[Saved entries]

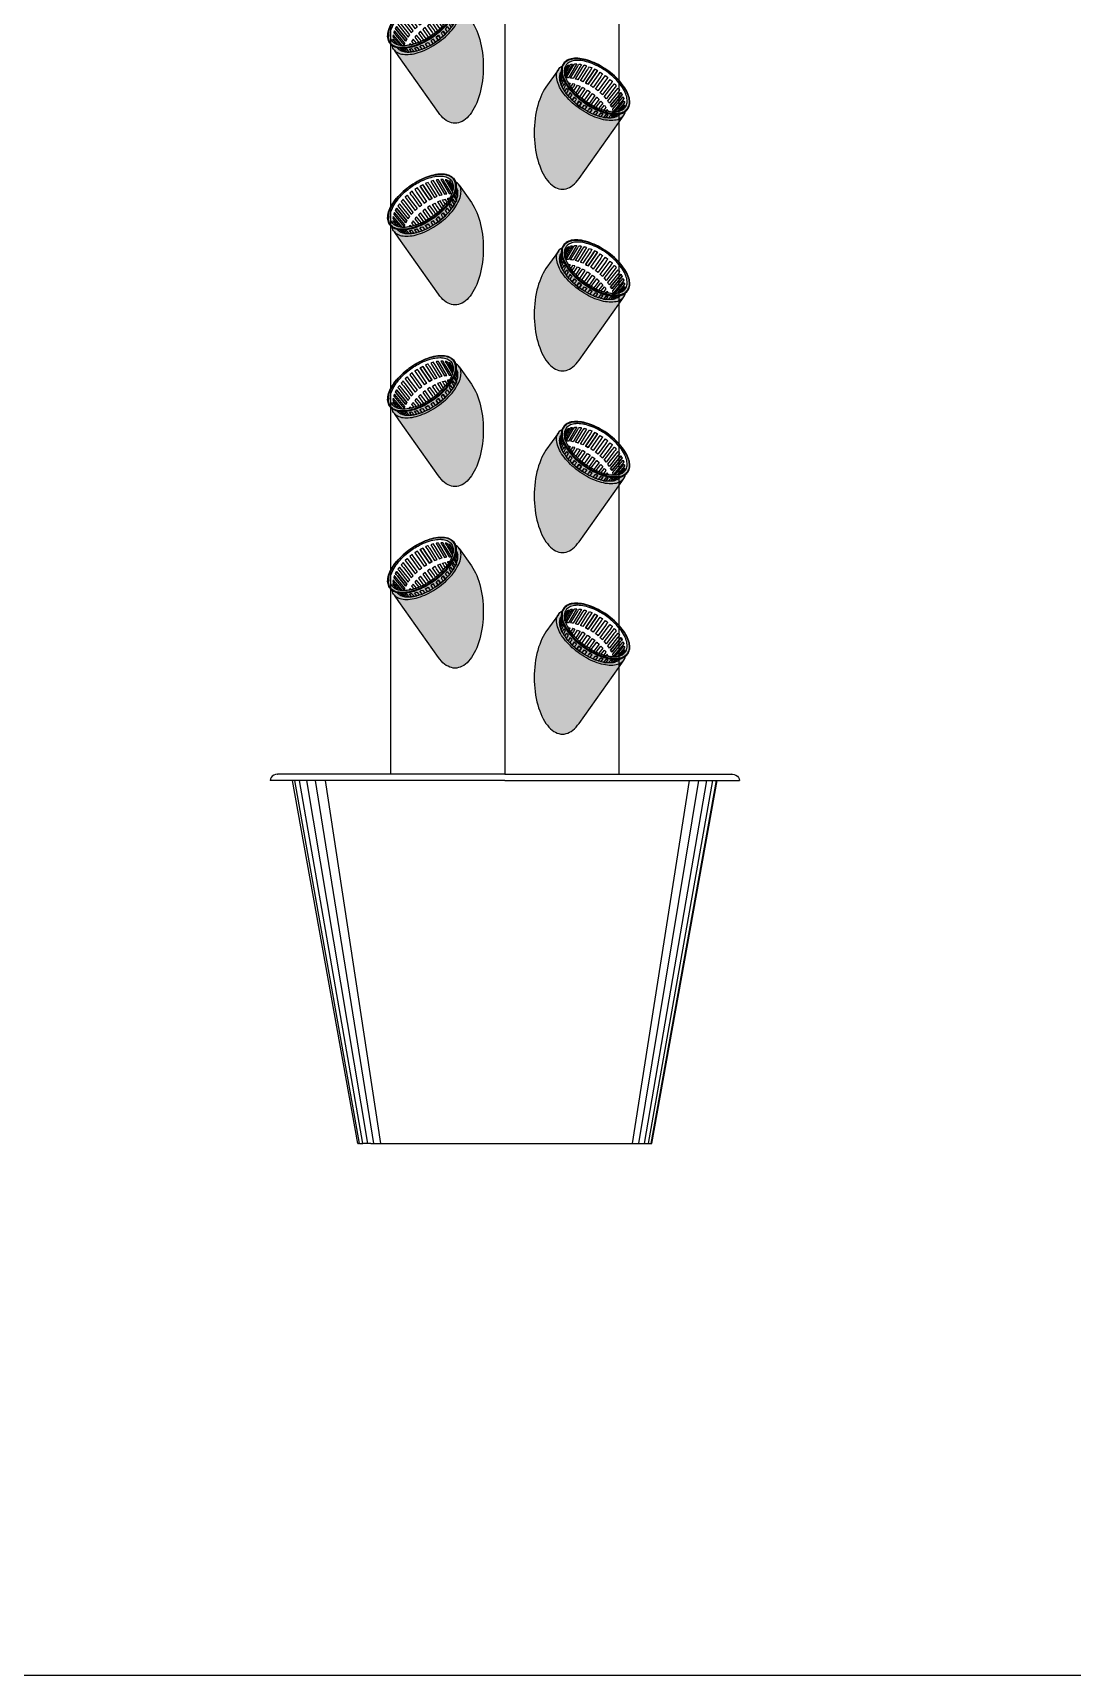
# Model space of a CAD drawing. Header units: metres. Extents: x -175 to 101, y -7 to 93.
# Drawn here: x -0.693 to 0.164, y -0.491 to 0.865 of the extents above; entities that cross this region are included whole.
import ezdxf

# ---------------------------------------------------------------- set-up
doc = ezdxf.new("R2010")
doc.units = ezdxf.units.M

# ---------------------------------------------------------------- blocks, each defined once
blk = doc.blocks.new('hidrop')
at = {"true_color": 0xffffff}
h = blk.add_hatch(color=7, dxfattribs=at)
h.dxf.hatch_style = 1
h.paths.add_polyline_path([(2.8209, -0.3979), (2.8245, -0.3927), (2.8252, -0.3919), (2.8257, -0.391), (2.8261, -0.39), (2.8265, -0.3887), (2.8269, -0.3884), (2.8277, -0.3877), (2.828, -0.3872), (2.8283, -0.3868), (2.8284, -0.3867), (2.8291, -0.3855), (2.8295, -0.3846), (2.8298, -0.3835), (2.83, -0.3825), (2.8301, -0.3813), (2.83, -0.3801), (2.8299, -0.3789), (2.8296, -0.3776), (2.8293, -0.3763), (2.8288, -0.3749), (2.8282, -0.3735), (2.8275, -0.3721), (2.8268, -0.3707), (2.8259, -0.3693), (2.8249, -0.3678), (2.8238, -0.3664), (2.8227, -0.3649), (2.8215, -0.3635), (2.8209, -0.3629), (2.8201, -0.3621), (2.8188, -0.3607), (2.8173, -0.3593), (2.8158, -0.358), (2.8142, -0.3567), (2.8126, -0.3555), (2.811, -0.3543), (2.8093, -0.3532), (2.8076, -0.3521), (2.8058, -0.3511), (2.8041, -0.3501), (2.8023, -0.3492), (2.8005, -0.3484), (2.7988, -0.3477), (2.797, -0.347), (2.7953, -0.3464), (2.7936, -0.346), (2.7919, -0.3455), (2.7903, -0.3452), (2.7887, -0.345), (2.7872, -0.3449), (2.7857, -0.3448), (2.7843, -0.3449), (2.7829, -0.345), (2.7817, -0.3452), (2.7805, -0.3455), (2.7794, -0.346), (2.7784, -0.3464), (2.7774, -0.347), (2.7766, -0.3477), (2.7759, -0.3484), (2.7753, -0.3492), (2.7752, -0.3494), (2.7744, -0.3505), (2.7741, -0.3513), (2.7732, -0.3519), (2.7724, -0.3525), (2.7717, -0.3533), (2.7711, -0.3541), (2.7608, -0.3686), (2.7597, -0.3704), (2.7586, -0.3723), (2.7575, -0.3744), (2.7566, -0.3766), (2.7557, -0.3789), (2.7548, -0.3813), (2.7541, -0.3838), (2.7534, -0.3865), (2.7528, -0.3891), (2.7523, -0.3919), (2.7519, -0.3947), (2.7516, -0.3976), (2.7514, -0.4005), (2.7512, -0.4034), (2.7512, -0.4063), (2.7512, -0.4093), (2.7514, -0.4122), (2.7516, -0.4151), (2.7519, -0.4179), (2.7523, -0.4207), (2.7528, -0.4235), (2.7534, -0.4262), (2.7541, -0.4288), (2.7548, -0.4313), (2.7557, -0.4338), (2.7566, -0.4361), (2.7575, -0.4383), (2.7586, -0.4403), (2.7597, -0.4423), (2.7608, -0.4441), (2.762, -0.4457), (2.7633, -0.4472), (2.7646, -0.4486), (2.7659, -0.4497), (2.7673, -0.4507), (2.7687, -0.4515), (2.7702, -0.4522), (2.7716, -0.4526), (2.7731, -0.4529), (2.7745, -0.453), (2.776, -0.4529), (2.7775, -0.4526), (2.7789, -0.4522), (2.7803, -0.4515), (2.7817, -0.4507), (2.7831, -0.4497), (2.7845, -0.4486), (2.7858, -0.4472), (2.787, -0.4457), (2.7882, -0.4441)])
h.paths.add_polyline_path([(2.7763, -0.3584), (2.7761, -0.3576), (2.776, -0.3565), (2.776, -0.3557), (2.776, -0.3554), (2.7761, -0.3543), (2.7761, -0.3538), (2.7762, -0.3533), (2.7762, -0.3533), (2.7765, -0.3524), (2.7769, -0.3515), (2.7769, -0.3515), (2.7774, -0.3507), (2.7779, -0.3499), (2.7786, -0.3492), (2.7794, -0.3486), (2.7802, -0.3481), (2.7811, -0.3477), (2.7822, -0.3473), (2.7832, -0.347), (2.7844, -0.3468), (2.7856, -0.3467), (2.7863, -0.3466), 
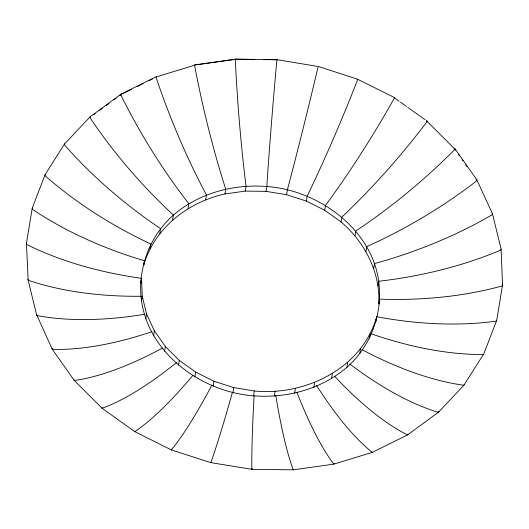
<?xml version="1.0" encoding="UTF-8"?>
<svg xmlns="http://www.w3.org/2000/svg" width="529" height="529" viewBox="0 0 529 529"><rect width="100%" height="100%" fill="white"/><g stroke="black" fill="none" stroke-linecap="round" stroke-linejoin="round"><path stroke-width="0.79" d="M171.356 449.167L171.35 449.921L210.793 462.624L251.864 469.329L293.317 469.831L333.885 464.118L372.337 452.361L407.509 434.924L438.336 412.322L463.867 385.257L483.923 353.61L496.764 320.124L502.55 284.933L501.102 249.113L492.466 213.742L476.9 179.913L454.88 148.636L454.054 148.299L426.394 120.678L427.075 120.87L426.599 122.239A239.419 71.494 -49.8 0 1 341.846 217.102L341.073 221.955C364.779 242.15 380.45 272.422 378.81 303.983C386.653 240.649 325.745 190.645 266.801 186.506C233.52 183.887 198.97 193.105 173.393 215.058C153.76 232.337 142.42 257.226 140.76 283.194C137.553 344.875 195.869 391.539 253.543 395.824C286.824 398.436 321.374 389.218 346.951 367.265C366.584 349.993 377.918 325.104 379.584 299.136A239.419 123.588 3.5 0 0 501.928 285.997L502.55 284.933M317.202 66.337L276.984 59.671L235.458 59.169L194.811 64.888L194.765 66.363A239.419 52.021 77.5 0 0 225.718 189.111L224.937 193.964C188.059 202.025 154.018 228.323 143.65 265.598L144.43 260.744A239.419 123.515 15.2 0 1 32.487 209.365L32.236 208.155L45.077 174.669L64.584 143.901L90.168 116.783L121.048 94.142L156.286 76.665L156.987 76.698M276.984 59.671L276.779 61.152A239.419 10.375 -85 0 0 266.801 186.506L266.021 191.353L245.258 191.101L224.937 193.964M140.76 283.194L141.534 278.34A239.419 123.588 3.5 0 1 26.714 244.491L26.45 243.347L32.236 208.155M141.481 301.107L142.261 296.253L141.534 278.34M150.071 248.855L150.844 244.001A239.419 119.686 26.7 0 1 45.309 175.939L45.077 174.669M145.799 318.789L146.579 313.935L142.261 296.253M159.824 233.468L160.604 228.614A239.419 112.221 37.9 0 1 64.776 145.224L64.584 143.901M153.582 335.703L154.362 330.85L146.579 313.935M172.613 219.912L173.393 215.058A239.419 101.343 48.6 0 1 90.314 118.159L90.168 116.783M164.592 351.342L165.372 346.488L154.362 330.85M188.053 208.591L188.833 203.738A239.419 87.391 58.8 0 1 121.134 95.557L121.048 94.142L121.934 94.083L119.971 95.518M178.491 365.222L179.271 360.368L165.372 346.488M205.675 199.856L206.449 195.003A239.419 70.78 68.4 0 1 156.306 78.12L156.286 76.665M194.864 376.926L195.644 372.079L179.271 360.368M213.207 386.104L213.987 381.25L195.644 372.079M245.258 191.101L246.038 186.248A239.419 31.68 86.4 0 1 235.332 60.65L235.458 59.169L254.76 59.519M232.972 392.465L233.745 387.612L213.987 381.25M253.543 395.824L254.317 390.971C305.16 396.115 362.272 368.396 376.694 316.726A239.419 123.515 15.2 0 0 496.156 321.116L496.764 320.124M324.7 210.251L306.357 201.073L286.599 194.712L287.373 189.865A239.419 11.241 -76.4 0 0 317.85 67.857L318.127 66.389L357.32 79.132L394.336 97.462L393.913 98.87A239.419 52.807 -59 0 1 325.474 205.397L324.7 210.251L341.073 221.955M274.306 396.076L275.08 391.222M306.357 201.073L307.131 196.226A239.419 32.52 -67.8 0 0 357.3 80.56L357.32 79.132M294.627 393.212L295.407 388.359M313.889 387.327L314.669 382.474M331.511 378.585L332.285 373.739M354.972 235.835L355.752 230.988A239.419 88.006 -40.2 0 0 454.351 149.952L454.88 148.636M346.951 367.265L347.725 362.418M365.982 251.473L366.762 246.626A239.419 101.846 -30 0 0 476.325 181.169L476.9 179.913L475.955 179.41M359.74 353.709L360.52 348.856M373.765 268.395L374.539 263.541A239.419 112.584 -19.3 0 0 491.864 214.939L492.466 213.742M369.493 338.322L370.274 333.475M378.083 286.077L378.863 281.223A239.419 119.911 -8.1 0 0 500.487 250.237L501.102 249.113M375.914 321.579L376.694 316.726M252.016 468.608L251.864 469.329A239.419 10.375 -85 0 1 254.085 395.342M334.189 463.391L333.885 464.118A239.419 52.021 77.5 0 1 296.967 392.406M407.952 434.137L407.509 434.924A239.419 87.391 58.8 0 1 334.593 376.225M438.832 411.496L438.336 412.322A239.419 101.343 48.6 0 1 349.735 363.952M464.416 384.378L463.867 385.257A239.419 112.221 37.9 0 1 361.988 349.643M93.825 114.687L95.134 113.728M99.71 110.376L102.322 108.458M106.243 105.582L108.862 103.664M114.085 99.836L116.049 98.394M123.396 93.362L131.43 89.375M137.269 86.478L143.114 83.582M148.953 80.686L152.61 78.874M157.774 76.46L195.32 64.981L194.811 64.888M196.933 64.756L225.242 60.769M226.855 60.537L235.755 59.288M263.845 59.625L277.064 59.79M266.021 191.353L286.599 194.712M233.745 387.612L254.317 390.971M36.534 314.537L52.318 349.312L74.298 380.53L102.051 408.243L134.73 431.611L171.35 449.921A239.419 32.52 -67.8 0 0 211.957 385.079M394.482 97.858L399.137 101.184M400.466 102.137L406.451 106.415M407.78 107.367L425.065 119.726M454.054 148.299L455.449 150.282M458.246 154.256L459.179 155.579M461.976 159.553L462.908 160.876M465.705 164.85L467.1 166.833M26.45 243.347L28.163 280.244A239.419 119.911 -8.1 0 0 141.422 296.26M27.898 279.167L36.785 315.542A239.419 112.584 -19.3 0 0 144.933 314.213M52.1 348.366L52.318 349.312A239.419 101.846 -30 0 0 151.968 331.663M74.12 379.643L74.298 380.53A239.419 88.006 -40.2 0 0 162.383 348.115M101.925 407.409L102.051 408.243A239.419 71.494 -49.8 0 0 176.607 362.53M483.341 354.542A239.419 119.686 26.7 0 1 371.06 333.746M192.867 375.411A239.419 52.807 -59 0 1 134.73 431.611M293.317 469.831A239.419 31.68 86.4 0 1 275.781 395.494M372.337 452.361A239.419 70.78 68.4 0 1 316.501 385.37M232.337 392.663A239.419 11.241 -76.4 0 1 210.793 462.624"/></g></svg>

What is required: Print the data above from its first line through the line that has "h.dxf.hatch_style = 1", exactly and with nothing else, omitting pictures.

Your response:
# Model space of a CAD drawing. Header units: metres. Extents: x -175 to 101, y -7 to 93.
# Drawn here: x -0.693 to 0.164, y -0.491 to 0.865 of the extents above; entities that cross this region are included whole.
import ezdxf

# ---------------------------------------------------------------- set-up
doc = ezdxf.new("R2010")
doc.units = ezdxf.units.M

# ---------------------------------------------------------------- blocks, each defined once
blk = doc.blocks.new('hidrop')
at = {"true_color": 0xffffff}
h = blk.add_hatch(color=7, dxfattribs=at)
h.dxf.hatch_style = 1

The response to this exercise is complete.